First, Pease bought a new computer, scanner, CD burner and high-tech photography software. The basic combination gave him the capability to scan in conventional photos, make computer-assisted enhancements and transfer the finished product onto CD-ROMs to take to the printing labs.
In August, Pease took it one step further. He bought a film scanner. That allowed him to scan in negatives for digital processing. In November, he purchased a color printer so he could print color photos at his studio instead of at a lab.
Finally, in April 1998, Pease added the final piece-a professional model digital camera. That gave him the complete package. "It was a large chunk of change to put out," says Pease about the investment. He hopes to recover that investment over the next five years by being able to provide a broader range of work. The equipment, he says, should last about 10 years.
When it all was integrated, things began to happen. Pease says with each new piece of equipment, he gained more control over the photography process. There was less reliance on photo labs to do his studio's film processing. That translated into lower production costs, which he could pass on to his clients.

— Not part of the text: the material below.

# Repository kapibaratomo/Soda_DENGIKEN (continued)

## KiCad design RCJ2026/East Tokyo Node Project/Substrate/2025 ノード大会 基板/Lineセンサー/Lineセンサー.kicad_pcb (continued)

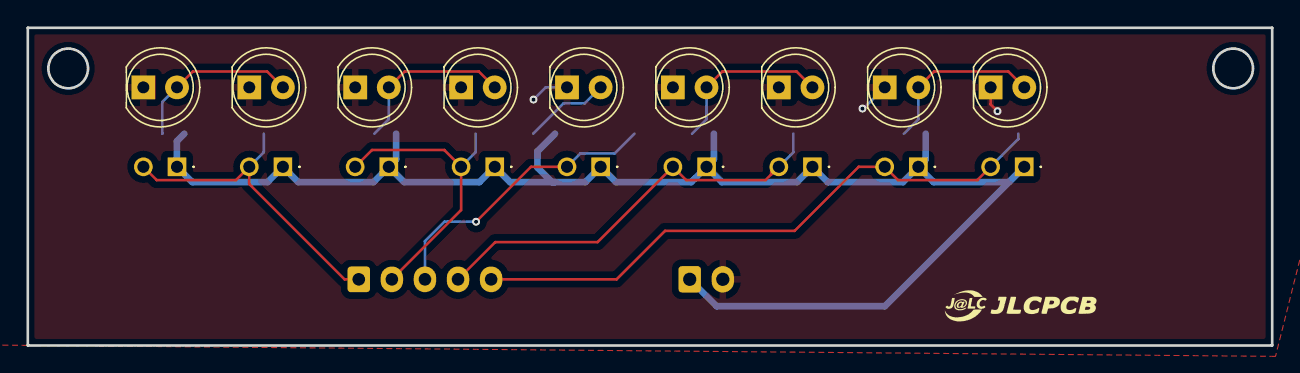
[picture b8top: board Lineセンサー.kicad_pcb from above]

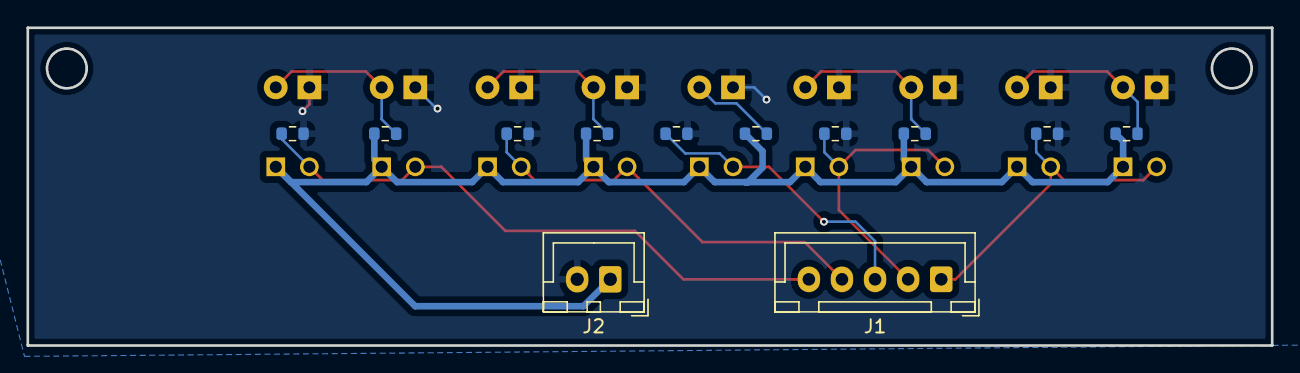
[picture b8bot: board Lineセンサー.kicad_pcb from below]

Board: 2 copper layers, 94.0 x 24.0 mm, 30 parts (12 on the bottom side), 12 nets.

Processing labs cost him about $125 per hour for scanning in the film and outputting it into a file, says Pease. If a slide or negative were needed, it cost another $125. With the new technology, Pease was able to charge his customers less than $100 an hour to do the same processing work.
"They noticed," Pease says. "In fact, there were several clients who were already familiar with the digital process and had used it in-house to alter images on their computers. When they saw we were using digital photography as well, it opened up a lot of work for us."
That included more catalogs, sales literature and trade show displays. It was a direct result of the benefits of digital photography-one of which is the ability to make composites of two or three different images on one finished photo.
Such was the case when, in early 1998, one of Pease's clients needed an image of a child on one of its sleds sliding down a snow-covered hill in front of a country home.
Pease could have taken the shoot on the road and found such a backdrop to take the pictures. But that would have been exceedingly expensive. Instead, Pease shot the child on the sled in the studio, surrounded by fake snow. Then, he took pictures of the house and the snow-covered hill. He transposed the image of the child over the other image to create the illusion that the child was in front of the house. The final result was so good it was nearly impossible to tell it wasn't one photo.
Previously, Pease shot pictures and had the film developed in a lab. He'd go over the photos with his client's art directors, who would suggest changes. The photos would then be taken to a service bureau, where they were altered to the art director's specifications.
But the digital process allowed all that to be brought in house. "I can do a whole lot more in a lot less time," he says. And because his work is more efficient, clients seem more satisfied. Especially, Pease says, since they're able to view images much more quickly.
"It used to take up to three days to get film processed," he recalls. "No longer. It puts the image immediately into a client's hands. More work can be done in a shorter amount of time. And if changes need to be made, we can take the digital image and work on it right there."
While it's difficult to say exactly how much more efficient the integration of digital equipment has been, Pease says it's improved productivity for each project by between 100 and 200 percent. "It's all the same medium now," he explains. "Since it's in the computer, it's all part of the same loop-from the moment the photo's taken to the moment it's printed out."
So far, more than a third of Pease's regular clientele have taken advantage of the studio's digital abilities. "Once they see it used, they want to use it every time there's a shoot," he says. "The rest are catching on and getting on board slowly. It's quickly becoming the choice."